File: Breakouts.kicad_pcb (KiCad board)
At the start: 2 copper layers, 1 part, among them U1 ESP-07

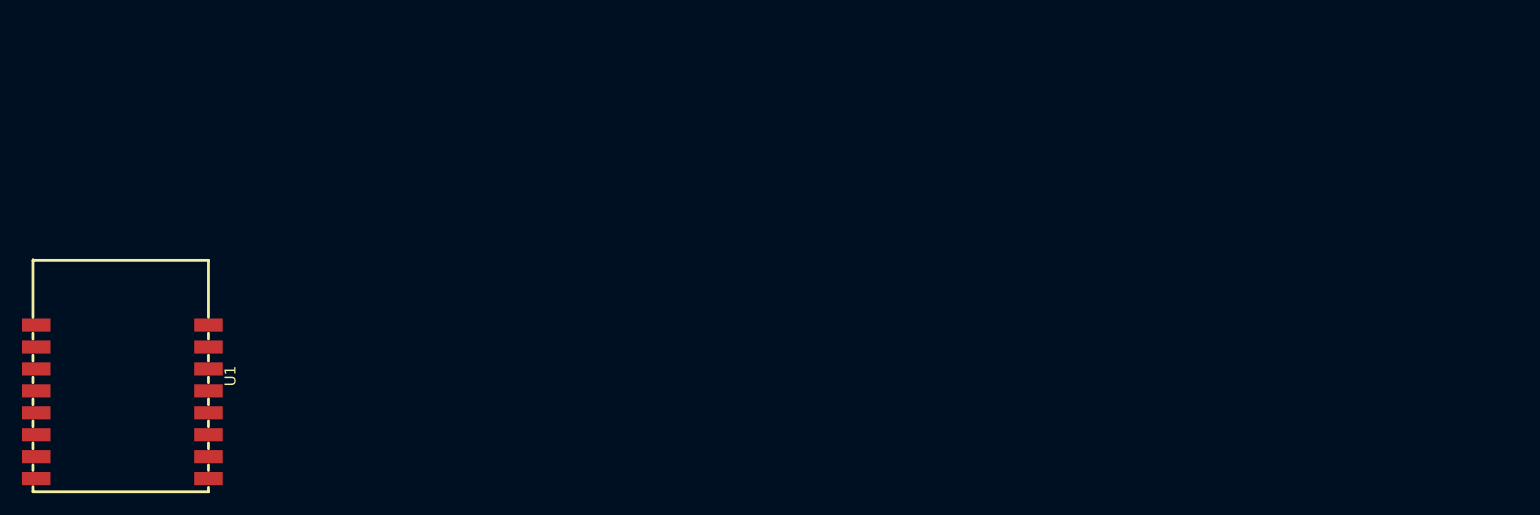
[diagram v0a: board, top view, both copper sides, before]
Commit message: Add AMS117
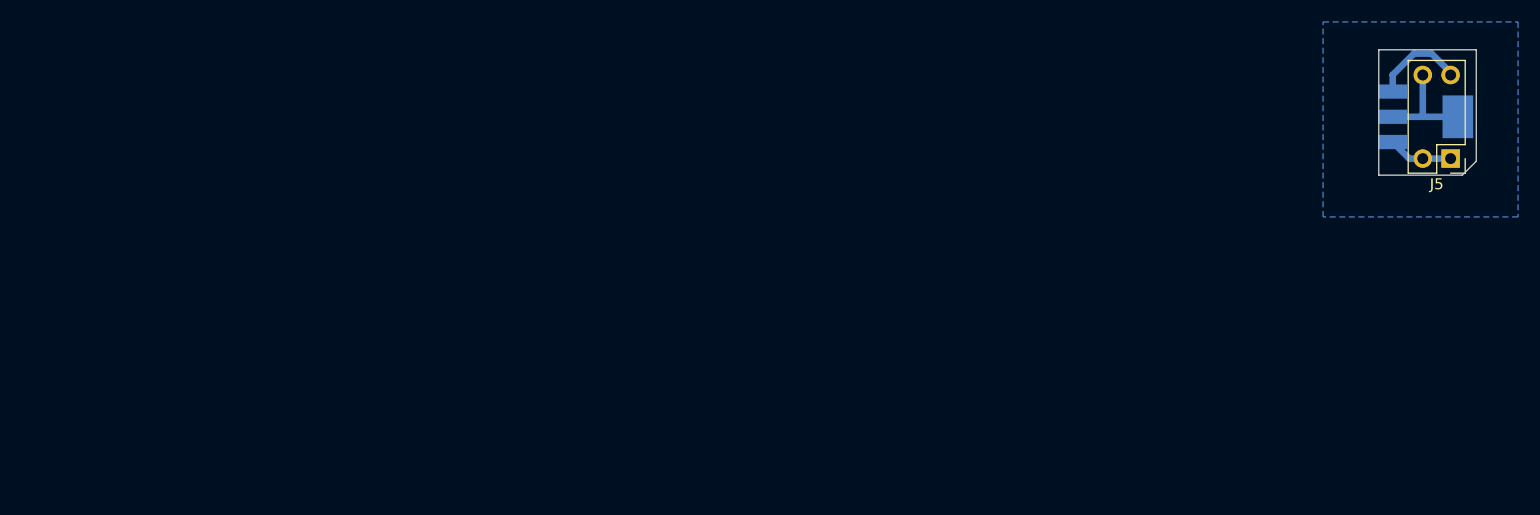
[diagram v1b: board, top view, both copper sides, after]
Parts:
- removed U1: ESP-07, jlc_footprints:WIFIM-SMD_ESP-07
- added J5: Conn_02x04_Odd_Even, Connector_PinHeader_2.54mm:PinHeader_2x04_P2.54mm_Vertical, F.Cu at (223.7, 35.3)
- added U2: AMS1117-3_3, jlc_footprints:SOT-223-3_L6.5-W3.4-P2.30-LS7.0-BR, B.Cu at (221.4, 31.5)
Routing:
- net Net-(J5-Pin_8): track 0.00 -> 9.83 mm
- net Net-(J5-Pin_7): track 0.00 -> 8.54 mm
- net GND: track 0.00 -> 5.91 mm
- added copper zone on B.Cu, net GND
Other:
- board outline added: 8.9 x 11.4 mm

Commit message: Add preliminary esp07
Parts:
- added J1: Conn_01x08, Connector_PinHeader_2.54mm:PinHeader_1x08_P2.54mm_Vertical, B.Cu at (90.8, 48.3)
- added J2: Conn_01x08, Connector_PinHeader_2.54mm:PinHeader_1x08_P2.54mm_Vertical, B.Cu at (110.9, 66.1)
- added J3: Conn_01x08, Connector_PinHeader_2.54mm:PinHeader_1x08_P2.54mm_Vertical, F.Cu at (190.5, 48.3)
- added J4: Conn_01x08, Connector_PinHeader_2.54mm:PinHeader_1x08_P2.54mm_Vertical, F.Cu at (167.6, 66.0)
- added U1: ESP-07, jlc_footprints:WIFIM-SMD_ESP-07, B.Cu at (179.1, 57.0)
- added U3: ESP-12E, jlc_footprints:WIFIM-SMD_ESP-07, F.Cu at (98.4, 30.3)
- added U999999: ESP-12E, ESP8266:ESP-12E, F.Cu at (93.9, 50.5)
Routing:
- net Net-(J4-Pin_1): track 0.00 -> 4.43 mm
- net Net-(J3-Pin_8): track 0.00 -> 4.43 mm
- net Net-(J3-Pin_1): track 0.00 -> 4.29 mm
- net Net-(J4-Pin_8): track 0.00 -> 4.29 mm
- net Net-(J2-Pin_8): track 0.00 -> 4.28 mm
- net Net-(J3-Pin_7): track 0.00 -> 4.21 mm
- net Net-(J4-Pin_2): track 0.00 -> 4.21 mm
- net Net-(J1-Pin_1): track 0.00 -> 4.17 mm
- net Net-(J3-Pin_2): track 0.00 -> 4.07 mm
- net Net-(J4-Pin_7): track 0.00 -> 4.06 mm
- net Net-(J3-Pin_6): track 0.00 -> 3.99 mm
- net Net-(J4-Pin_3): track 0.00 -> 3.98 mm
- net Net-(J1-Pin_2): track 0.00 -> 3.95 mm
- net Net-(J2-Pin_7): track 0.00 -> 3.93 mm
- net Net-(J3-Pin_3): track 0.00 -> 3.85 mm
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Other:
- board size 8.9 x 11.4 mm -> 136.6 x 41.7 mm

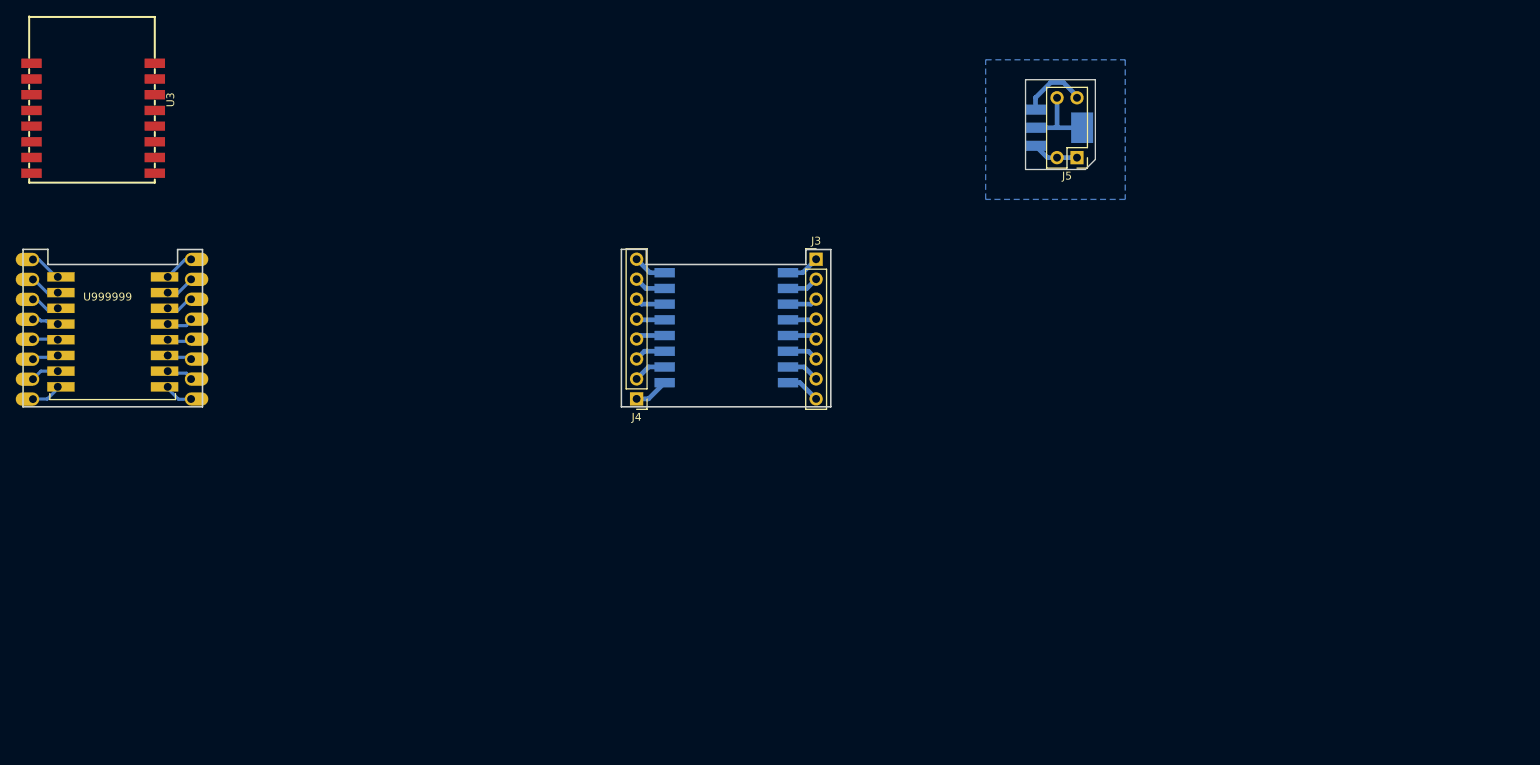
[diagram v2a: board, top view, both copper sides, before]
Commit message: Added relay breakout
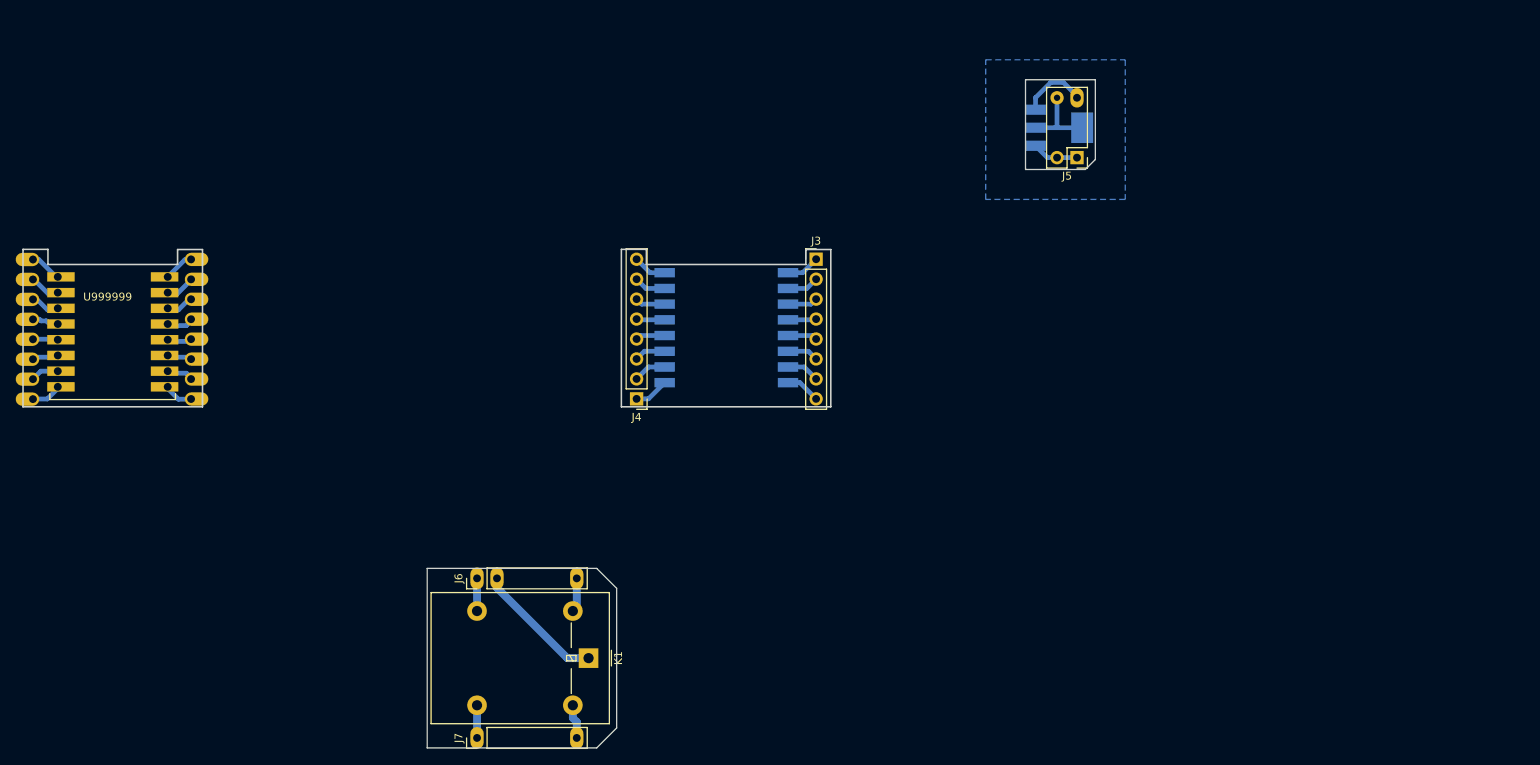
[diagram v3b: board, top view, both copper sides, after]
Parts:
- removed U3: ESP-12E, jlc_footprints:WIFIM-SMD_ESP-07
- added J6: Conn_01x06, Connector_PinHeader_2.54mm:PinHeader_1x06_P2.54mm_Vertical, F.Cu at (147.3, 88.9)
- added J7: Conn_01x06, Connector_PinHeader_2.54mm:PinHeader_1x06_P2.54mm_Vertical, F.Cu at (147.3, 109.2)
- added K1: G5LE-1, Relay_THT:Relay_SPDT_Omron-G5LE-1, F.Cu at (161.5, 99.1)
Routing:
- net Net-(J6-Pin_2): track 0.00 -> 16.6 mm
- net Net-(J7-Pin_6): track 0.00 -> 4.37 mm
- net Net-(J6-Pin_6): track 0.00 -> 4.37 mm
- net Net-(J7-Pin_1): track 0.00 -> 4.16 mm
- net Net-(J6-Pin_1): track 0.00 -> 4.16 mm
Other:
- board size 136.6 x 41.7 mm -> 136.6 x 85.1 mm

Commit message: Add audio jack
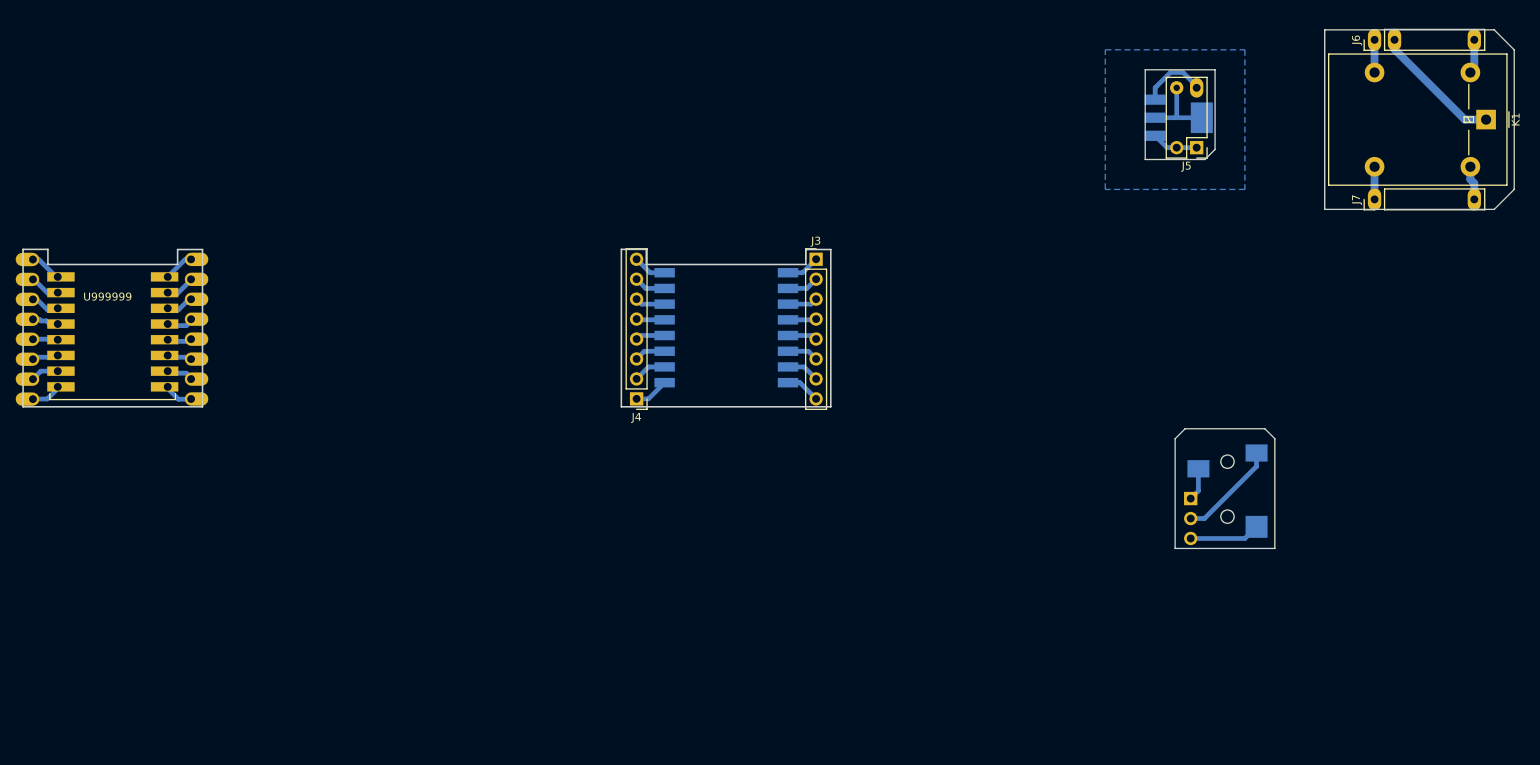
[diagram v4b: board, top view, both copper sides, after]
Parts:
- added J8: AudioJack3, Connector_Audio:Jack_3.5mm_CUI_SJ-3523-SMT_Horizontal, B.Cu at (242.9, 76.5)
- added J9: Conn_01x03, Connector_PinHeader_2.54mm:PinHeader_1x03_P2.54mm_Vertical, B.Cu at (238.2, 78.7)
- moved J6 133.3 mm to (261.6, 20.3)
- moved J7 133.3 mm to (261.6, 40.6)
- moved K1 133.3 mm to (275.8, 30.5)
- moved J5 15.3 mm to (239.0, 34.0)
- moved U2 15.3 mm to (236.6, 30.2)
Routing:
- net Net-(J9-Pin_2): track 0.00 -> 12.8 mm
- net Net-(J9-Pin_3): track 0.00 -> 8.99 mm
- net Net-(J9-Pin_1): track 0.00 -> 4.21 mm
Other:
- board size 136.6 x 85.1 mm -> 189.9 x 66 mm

- **EXERCISE REQUIREMENTS**
Output the listing above exactly as it stands; no picture should appear.

- **RESPONSE BOX**
File: Breakouts.kicad_pcb (KiCad board)
At the start: 2 copper layers, 1 part, among them U1 ESP-07

[diagram v0a: board, top view, both copper sides, before]
Commit message: Add AMS117
[diagram v1b: board, top view, both copper sides, after]
Parts:
- removed U1: ESP-07, jlc_footprints:WIFIM-SMD_ESP-07
- added J5: Conn_02x04_Odd_Even, Connector_PinHeader_2.54mm:PinHeader_2x04_P2.54mm_Vertical, F.Cu at (223.7, 35.3)
- added U2: AMS1117-3_3, jlc_footprints:SOT-223-3_L6.5-W3.4-P2.30-LS7.0-BR, B.Cu at (221.4, 31.5)
Routing:
- net Net-(J5-Pin_8): track 0.00 -> 9.83 mm
- net Net-(J5-Pin_7): track 0.00 -> 8.54 mm
- net GND: track 0.00 -> 5.91 mm
- added copper zone on B.Cu, net GND
Other:
- board outline added: 8.9 x 11.4 mm

Commit message: Add preliminary esp07
Parts:
- added J1: Conn_01x08, Connector_PinHeader_2.54mm:PinHeader_1x08_P2.54mm_Vertical, B.Cu at (90.8, 48.3)
- added J2: Conn_01x08, Connector_PinHeader_2.54mm:PinHeader_1x08_P2.54mm_Vertical, B.Cu at (110.9, 66.1)
- added J3: Conn_01x08, Connector_PinHeader_2.54mm:PinHeader_1x08_P2.54mm_Vertical, F.Cu at (190.5, 48.3)
- added J4: Conn_01x08, Connector_PinHeader_2.54mm:PinHeader_1x08_P2.54mm_Vertical, F.Cu at (167.6, 66.0)
- added U1: ESP-07, jlc_footprints:WIFIM-SMD_ESP-07, B.Cu at (179.1, 57.0)
- added U3: ESP-12E, jlc_footprints:WIFIM-SMD_ESP-07, F.Cu at (98.4, 30.3)
- added U999999: ESP-12E, ESP8266:ESP-12E, F.Cu at (93.9, 50.5)
Routing:
- net Net-(J4-Pin_1): track 0.00 -> 4.43 mm
- net Net-(J3-Pin_8): track 0.00 -> 4.43 mm
- net Net-(J3-Pin_1): track 0.00 -> 4.29 mm
- net Net-(J4-Pin_8): track 0.00 -> 4.29 mm
- net Net-(J2-Pin_8): track 0.00 -> 4.28 mm
- net Net-(J3-Pin_7): track 0.00 -> 4.21 mm
- net Net-(J4-Pin_2): track 0.00 -> 4.21 mm
- net Net-(J1-Pin_1): track 0.00 -> 4.17 mm
- net Net-(J3-Pin_2): track 0.00 -> 4.07 mm
- net Net-(J4-Pin_7): track 0.00 -> 4.06 mm
- net Net-(J3-Pin_6): track 0.00 -> 3.99 mm
- net Net-(J4-Pin_3): track 0.00 -> 3.98 mm
- net Net-(J1-Pin_2): track 0.00 -> 3.95 mm
- net Net-(J2-Pin_7): track 0.00 -> 3.93 mm
- net Net-(J3-Pin_3): track 0.00 -> 3.85 mm
Other:
- board size 8.9 x 11.4 mm -> 136.6 x 41.7 mm

[diagram v2a: board, top view, both copper sides, before]
Commit message: Added relay breakout
[diagram v3b: board, top view, both copper sides, after]
Parts:
- removed U3: ESP-12E, jlc_footprints:WIFIM-SMD_ESP-07
- added J6: Conn_01x06, Connector_PinHeader_2.54mm:PinHeader_1x06_P2.54mm_Vertical, F.Cu at (147.3, 88.9)
- added J7: Conn_01x06, Connector_PinHeader_2.54mm:PinHeader_1x06_P2.54mm_Vertical, F.Cu at (147.3, 109.2)
- added K1: G5LE-1, Relay_THT:Relay_SPDT_Omron-G5LE-1, F.Cu at (161.5, 99.1)
Routing:
- net Net-(J6-Pin_2): track 0.00 -> 16.6 mm
- net Net-(J7-Pin_6): track 0.00 -> 4.37 mm
- net Net-(J6-Pin_6): track 0.00 -> 4.37 mm
- net Net-(J7-Pin_1): track 0.00 -> 4.16 mm
- net Net-(J6-Pin_1): track 0.00 -> 4.16 mm
Other:
- board size 136.6 x 41.7 mm -> 136.6 x 85.1 mm

Commit message: Add audio jack
[diagram v4b: board, top view, both copper sides, after]
Parts:
- added J8: AudioJack3, Connector_Audio:Jack_3.5mm_CUI_SJ-3523-SMT_Horizontal, B.Cu at (242.9, 76.5)
- added J9: Conn_01x03, Connector_PinHeader_2.54mm:PinHeader_1x03_P2.54mm_Vertical, B.Cu at (238.2, 78.7)
- moved J6 133.3 mm to (261.6, 20.3)
- moved J7 133.3 mm to (261.6, 40.6)
- moved K1 133.3 mm to (275.8, 30.5)
- moved J5 15.3 mm to (239.0, 34.0)
- moved U2 15.3 mm to (236.6, 30.2)
Routing:
- net Net-(J9-Pin_2): track 0.00 -> 12.8 mm
- net Net-(J9-Pin_3): track 0.00 -> 8.99 mm
- net Net-(J9-Pin_1): track 0.00 -> 4.21 mm
Other:
- board size 136.6 x 85.1 mm -> 189.9 x 66 mm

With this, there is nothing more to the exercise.